# [Exercise instructions]
Each line of the material below that holds the word "TimeRange" needs to be copied.

[Start of section]

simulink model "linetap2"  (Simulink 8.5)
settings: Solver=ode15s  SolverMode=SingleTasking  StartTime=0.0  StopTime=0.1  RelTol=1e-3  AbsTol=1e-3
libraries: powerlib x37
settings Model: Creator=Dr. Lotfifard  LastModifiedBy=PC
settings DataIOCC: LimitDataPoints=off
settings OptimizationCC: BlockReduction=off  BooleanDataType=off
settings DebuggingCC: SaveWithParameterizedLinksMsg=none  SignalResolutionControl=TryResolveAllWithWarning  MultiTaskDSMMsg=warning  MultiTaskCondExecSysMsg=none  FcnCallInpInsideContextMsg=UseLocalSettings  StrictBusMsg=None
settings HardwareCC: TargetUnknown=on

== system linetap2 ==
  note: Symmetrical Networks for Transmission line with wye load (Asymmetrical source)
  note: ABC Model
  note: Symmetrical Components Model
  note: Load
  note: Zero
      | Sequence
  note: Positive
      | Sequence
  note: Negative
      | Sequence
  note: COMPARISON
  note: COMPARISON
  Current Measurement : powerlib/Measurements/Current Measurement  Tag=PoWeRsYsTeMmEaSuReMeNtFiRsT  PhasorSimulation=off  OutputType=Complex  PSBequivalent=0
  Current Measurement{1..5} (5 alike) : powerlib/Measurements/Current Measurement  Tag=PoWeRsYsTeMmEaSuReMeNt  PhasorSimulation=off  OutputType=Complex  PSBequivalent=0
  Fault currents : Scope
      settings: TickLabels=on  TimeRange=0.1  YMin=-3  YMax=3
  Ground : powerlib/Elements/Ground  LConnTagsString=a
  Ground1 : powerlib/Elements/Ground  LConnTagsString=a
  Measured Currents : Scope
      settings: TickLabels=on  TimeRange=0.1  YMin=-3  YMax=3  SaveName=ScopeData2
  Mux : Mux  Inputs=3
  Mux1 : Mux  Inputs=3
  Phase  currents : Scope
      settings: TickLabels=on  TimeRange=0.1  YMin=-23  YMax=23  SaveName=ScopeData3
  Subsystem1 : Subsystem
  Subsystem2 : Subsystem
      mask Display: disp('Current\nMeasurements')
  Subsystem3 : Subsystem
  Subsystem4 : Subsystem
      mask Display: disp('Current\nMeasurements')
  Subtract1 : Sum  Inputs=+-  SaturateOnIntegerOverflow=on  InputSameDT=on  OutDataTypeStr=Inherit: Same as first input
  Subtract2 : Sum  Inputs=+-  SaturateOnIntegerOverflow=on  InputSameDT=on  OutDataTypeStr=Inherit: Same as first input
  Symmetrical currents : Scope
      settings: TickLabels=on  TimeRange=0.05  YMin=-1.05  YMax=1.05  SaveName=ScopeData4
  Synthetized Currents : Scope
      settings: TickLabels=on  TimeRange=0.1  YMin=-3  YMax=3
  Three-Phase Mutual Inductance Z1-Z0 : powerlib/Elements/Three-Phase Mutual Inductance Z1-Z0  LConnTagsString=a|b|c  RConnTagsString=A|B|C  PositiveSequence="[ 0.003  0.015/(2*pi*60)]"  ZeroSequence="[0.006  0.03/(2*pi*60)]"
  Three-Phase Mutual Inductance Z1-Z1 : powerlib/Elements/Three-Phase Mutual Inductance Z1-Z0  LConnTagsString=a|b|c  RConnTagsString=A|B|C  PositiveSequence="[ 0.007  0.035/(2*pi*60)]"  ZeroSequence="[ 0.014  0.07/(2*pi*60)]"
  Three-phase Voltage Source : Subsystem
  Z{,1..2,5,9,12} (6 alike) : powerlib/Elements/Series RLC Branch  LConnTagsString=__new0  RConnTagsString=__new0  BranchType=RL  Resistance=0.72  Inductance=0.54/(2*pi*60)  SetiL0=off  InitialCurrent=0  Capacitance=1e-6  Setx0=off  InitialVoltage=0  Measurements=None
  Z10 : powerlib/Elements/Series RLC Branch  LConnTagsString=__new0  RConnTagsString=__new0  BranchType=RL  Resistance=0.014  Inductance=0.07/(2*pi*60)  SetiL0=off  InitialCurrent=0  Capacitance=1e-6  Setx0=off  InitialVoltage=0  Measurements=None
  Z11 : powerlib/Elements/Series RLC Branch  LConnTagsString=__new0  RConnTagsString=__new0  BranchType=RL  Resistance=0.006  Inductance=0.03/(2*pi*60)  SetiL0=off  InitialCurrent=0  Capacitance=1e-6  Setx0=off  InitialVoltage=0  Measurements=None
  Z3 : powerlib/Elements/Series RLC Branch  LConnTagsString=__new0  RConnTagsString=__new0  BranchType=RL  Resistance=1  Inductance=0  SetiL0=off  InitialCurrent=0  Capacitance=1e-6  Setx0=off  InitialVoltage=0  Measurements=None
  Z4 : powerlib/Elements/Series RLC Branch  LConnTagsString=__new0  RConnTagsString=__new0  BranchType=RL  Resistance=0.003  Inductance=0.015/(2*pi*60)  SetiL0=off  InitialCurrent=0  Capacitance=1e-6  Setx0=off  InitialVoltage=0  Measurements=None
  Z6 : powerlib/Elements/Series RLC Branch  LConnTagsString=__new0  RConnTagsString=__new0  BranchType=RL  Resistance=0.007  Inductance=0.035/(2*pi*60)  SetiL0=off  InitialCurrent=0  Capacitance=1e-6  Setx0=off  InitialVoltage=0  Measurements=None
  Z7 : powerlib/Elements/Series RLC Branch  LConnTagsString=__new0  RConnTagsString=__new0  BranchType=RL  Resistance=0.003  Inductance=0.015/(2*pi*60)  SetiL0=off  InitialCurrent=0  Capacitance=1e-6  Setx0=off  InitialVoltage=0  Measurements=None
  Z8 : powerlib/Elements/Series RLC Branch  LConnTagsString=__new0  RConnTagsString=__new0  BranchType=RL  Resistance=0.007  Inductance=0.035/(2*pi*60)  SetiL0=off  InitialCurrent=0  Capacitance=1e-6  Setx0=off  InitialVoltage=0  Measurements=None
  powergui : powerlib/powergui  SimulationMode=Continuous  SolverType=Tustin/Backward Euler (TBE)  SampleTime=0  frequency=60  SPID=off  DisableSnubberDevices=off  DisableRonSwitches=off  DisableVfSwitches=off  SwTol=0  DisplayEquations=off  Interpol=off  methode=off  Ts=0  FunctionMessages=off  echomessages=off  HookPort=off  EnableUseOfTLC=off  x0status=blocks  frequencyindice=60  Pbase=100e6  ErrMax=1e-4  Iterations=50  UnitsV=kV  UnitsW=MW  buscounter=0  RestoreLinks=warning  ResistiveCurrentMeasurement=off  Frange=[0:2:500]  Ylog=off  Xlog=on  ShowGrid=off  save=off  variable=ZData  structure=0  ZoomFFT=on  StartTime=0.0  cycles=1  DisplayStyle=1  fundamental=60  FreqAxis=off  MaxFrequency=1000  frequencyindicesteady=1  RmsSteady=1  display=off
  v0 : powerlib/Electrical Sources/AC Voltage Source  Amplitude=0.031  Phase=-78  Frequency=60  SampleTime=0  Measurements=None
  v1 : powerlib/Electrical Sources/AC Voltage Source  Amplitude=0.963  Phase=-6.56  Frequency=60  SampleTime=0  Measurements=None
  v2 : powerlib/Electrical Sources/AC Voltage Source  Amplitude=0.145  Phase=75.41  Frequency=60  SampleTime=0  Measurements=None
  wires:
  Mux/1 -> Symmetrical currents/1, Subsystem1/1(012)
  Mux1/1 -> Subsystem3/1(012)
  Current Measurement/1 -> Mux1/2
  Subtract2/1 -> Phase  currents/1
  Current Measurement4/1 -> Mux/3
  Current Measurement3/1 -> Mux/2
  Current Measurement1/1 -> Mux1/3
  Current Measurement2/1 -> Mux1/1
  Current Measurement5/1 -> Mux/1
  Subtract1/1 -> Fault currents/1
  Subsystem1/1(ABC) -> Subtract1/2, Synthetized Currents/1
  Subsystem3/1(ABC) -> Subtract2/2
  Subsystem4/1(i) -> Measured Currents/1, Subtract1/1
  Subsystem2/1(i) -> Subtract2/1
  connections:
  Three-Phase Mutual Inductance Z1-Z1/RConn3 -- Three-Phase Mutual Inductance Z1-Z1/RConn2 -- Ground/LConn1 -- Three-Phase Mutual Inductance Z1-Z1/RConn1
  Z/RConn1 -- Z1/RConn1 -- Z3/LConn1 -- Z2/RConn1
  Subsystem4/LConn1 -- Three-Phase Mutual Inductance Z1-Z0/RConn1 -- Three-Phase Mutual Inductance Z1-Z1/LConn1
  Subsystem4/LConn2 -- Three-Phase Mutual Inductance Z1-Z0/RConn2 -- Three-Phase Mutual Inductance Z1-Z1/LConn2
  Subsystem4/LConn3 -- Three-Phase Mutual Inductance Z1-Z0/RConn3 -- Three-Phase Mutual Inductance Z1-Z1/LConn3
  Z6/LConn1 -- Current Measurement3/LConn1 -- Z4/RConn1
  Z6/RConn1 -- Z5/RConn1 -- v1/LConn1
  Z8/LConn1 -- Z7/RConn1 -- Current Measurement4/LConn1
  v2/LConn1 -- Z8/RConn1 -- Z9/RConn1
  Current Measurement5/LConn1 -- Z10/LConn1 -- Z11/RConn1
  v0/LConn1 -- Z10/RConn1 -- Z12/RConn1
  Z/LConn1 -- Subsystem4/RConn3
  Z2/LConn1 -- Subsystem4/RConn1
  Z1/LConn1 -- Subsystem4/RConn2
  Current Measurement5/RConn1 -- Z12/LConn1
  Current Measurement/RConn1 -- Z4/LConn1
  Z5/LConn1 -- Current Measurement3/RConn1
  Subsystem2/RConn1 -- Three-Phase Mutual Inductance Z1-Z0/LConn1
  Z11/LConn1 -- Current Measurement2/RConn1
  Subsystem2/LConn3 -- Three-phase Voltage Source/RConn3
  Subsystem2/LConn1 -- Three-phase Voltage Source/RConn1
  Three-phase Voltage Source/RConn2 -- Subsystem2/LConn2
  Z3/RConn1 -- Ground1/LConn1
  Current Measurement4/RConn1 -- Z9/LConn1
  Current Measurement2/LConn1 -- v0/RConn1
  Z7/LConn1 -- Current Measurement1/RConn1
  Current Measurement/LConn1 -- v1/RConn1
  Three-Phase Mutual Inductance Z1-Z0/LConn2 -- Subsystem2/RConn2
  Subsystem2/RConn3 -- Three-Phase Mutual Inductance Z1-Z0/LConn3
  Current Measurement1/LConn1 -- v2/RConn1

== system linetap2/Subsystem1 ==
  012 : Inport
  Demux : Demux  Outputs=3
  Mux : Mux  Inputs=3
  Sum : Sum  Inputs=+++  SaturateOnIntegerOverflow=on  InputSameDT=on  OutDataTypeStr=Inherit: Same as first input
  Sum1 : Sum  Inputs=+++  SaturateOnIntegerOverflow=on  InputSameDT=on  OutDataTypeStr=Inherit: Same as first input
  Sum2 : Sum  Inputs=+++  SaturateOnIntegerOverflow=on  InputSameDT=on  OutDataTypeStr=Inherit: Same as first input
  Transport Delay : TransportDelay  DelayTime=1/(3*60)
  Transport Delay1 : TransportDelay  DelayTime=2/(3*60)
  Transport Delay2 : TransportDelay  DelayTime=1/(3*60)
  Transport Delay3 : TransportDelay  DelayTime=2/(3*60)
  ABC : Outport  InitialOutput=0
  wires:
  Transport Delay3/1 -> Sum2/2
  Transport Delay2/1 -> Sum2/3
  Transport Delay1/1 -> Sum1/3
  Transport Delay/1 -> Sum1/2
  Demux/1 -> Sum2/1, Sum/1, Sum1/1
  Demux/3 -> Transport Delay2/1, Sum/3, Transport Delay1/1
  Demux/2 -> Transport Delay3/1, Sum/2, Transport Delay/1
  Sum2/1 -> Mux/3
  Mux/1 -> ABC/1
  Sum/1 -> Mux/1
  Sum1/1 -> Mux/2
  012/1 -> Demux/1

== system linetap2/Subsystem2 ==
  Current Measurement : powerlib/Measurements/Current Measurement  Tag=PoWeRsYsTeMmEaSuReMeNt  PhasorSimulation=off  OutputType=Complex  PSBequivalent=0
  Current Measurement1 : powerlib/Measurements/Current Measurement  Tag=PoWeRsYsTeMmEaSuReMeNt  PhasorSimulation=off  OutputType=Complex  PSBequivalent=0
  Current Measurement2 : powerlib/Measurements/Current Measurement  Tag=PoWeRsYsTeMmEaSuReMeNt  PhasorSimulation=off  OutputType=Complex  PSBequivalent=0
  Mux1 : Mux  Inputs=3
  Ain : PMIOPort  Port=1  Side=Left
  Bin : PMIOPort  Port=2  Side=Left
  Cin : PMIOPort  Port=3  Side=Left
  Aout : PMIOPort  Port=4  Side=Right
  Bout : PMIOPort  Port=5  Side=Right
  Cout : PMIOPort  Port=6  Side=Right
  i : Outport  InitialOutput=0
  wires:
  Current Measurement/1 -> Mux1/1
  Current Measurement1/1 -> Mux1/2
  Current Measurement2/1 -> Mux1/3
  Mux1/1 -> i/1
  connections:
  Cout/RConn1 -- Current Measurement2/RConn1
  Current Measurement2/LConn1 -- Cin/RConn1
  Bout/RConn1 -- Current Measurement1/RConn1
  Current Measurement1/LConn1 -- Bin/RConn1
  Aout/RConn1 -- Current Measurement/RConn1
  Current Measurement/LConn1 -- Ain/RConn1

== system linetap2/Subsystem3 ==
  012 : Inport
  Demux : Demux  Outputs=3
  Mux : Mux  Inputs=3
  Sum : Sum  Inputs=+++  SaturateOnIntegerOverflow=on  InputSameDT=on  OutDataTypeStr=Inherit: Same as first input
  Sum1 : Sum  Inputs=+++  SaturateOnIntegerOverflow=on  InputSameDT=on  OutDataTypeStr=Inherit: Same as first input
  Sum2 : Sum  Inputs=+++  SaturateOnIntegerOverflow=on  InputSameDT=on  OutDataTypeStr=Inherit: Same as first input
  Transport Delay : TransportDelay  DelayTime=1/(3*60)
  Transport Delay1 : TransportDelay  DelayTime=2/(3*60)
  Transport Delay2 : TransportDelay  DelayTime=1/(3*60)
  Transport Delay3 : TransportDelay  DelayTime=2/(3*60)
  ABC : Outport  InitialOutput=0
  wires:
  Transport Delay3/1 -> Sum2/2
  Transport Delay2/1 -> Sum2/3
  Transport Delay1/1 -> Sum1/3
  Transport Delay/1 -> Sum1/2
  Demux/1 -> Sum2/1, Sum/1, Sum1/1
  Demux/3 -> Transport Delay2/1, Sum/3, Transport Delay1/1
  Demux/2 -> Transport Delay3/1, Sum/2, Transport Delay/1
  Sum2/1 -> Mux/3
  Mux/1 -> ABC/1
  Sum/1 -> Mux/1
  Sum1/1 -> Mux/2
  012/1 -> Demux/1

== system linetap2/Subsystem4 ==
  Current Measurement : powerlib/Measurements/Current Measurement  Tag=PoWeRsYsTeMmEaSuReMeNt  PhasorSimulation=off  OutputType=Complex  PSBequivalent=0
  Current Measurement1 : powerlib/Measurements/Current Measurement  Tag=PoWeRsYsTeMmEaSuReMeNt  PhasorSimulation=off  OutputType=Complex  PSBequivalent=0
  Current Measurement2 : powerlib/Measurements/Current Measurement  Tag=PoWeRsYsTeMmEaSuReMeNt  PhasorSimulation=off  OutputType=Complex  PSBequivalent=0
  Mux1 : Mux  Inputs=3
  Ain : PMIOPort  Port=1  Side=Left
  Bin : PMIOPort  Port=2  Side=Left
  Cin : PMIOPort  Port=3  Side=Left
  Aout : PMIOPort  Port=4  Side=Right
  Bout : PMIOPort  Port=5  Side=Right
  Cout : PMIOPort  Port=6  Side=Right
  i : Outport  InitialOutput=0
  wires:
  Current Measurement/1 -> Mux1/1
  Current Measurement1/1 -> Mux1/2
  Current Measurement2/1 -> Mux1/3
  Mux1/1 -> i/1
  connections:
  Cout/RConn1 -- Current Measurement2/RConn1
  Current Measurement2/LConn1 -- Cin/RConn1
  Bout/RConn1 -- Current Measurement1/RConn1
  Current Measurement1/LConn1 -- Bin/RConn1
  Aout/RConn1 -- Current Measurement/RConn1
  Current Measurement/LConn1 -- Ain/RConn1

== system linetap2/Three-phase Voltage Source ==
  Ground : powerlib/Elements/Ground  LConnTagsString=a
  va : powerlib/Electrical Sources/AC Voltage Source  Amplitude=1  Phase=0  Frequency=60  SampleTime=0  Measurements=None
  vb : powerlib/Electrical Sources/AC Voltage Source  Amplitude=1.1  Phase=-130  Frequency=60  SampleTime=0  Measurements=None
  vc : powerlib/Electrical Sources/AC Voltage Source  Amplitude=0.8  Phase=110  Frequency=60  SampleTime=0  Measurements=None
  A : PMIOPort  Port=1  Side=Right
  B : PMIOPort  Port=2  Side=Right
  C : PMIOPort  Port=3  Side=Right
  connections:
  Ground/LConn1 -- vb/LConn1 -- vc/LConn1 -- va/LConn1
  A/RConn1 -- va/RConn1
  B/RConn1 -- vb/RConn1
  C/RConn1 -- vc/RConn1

[End of section]

# [Completed exercise]
      settings: TickLabels=on  TimeRange=0.1  YMin=-3  YMax=3
      settings: TickLabels=on  TimeRange=0.1  YMin=-3  YMax=3  SaveName=ScopeData2
      settings: TickLabels=on  TimeRange=0.1  YMin=-23  YMax=23  SaveName=ScopeData3
      settings: TickLabels=on  TimeRange=0.05  YMin=-1.05  YMax=1.05  SaveName=ScopeData4
      settings: TickLabels=on  TimeRange=0.1  YMin=-3  YMax=3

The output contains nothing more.